The problem: For the records that follow, please set down exactly the lines between the one holding "#19=CARTESIAN_POINT('',(152.4,0.,4.));" and the one holding "#31=EDGE_CURVE('E293',#30,#30,#28,.T.);", inclusive, and only those.

______________________________

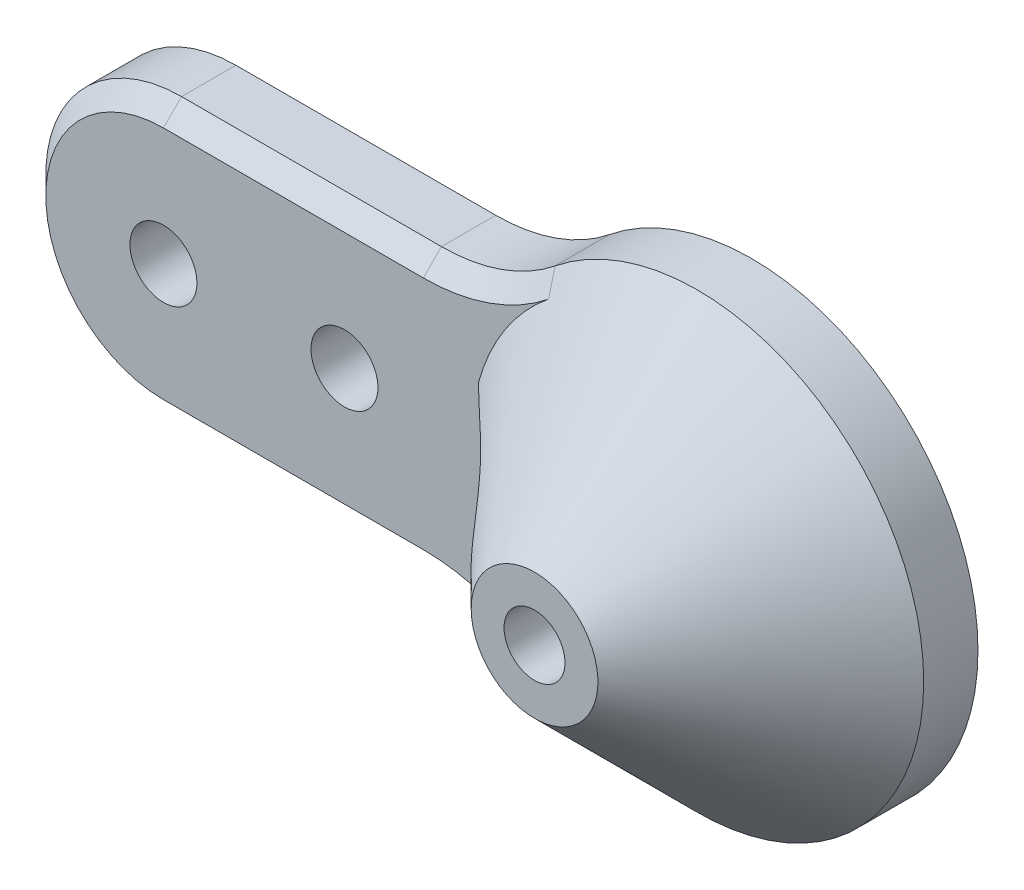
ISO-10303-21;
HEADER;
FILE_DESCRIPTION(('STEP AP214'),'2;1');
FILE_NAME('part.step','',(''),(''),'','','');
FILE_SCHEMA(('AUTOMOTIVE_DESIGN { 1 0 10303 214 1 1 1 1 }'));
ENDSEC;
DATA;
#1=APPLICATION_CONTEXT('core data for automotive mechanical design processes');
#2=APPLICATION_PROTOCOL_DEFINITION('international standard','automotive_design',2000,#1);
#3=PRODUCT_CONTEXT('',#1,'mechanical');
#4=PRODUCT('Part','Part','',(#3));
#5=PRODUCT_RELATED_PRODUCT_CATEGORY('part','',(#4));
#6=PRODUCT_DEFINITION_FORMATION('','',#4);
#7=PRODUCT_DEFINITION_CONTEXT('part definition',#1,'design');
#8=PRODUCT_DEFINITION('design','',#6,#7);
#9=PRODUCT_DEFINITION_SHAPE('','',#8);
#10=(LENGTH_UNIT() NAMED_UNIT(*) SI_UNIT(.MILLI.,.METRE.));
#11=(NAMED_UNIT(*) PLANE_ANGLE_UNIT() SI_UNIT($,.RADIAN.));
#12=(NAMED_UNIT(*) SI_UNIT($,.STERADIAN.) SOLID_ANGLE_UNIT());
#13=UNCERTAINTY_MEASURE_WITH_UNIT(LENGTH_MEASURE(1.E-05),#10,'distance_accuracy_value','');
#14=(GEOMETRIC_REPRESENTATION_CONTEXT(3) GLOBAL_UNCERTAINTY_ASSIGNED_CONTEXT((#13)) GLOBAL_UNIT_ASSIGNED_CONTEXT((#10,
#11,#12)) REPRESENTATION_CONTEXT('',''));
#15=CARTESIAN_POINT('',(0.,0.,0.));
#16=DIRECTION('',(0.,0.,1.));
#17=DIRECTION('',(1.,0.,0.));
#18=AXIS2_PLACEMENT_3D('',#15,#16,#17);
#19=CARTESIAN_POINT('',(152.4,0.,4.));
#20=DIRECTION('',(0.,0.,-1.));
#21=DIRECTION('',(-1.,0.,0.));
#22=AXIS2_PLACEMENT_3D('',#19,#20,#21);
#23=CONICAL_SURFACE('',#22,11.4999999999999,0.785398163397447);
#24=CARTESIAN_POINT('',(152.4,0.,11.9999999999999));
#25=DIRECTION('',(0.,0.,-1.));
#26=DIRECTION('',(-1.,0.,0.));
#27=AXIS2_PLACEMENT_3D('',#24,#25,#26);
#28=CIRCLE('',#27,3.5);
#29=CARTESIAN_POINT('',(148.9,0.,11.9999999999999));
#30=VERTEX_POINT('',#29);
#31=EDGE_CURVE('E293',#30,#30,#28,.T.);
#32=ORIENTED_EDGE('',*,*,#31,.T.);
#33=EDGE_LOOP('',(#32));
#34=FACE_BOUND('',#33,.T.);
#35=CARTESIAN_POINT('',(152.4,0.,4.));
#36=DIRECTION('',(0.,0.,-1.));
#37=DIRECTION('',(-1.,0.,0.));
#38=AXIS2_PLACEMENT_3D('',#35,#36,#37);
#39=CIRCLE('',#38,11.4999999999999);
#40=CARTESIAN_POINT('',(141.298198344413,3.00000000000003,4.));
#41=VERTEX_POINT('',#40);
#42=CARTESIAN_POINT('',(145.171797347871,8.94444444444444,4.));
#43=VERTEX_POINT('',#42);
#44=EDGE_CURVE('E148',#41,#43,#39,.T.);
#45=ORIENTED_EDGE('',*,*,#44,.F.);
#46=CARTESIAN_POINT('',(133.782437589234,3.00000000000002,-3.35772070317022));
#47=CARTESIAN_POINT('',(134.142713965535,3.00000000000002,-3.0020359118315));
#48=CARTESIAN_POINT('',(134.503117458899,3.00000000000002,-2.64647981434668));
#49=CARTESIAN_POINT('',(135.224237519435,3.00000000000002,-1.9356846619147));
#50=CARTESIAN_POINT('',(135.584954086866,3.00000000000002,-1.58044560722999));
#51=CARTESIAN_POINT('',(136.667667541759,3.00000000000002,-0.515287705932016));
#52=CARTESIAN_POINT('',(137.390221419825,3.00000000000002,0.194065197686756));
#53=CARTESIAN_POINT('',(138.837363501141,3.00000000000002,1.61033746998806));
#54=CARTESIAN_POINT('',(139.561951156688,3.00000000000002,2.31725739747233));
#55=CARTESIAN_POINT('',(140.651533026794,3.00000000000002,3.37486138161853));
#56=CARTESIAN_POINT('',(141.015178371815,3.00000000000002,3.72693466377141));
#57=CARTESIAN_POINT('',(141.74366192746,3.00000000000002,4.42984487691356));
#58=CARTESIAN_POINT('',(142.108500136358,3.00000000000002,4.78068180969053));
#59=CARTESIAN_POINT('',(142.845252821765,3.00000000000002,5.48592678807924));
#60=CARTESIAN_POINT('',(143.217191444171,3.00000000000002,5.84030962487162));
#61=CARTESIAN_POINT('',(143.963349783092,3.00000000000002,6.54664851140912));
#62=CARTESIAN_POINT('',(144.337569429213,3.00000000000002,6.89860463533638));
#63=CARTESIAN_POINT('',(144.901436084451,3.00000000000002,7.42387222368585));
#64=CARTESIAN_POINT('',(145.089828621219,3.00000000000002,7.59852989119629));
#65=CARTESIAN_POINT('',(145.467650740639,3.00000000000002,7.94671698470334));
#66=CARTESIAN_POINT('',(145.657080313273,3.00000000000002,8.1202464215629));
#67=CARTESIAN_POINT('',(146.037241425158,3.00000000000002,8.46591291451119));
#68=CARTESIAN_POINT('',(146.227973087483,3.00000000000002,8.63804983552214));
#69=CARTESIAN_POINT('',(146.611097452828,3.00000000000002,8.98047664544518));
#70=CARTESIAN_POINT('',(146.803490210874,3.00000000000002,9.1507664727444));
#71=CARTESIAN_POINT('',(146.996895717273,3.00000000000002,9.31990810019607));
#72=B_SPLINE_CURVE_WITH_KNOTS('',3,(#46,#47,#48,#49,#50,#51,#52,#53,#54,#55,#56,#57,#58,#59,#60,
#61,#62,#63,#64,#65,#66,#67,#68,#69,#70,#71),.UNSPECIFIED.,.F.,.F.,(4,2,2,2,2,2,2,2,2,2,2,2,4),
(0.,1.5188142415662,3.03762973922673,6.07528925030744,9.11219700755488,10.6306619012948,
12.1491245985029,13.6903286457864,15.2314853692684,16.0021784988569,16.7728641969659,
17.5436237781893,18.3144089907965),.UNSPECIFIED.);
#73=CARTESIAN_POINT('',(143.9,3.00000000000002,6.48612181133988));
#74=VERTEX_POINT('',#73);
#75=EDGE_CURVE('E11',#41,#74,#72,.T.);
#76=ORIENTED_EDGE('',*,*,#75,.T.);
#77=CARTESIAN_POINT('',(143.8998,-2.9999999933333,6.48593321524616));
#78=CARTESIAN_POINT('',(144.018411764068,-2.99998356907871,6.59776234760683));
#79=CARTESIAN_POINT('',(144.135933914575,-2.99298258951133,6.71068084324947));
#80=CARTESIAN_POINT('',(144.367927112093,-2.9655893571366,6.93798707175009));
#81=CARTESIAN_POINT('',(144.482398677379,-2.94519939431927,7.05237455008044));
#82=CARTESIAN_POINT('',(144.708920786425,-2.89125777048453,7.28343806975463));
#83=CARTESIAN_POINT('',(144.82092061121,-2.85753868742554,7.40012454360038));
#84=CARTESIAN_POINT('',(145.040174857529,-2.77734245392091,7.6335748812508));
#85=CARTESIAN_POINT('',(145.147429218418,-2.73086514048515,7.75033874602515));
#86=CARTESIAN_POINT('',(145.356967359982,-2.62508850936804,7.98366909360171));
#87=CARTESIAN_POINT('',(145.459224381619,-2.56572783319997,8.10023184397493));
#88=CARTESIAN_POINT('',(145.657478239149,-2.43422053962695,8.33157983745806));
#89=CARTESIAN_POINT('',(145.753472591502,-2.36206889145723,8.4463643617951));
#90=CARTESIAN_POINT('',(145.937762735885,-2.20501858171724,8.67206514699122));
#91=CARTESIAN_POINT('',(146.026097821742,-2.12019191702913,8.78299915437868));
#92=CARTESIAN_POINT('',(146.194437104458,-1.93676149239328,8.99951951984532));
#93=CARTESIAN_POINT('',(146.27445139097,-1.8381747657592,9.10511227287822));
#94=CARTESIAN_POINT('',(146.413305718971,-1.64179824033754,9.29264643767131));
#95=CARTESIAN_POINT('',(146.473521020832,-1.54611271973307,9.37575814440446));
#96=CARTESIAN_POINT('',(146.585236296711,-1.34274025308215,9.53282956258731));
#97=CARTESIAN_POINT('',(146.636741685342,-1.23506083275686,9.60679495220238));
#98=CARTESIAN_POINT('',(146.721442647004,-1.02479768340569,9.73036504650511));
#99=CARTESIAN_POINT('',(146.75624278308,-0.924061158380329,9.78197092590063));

______________________________

Reply to the task:
#19=CARTESIAN_POINT('',(152.4,0.,4.));
#20=DIRECTION('',(0.,0.,-1.));
#21=DIRECTION('',(-1.,0.,0.));
#22=AXIS2_PLACEMENT_3D('',#19,#20,#21);
#23=CONICAL_SURFACE('',#22,11.4999999999999,0.785398163397447);
#24=CARTESIAN_POINT('',(152.4,0.,11.9999999999999));
#25=DIRECTION('',(0.,0.,-1.));
#26=DIRECTION('',(-1.,0.,0.));
#27=AXIS2_PLACEMENT_3D('',#24,#25,#26);
#28=CIRCLE('',#27,3.5);
#29=CARTESIAN_POINT('',(148.9,0.,11.9999999999999));
#30=VERTEX_POINT('',#29);
#31=EDGE_CURVE('E293',#30,#30,#28,.T.);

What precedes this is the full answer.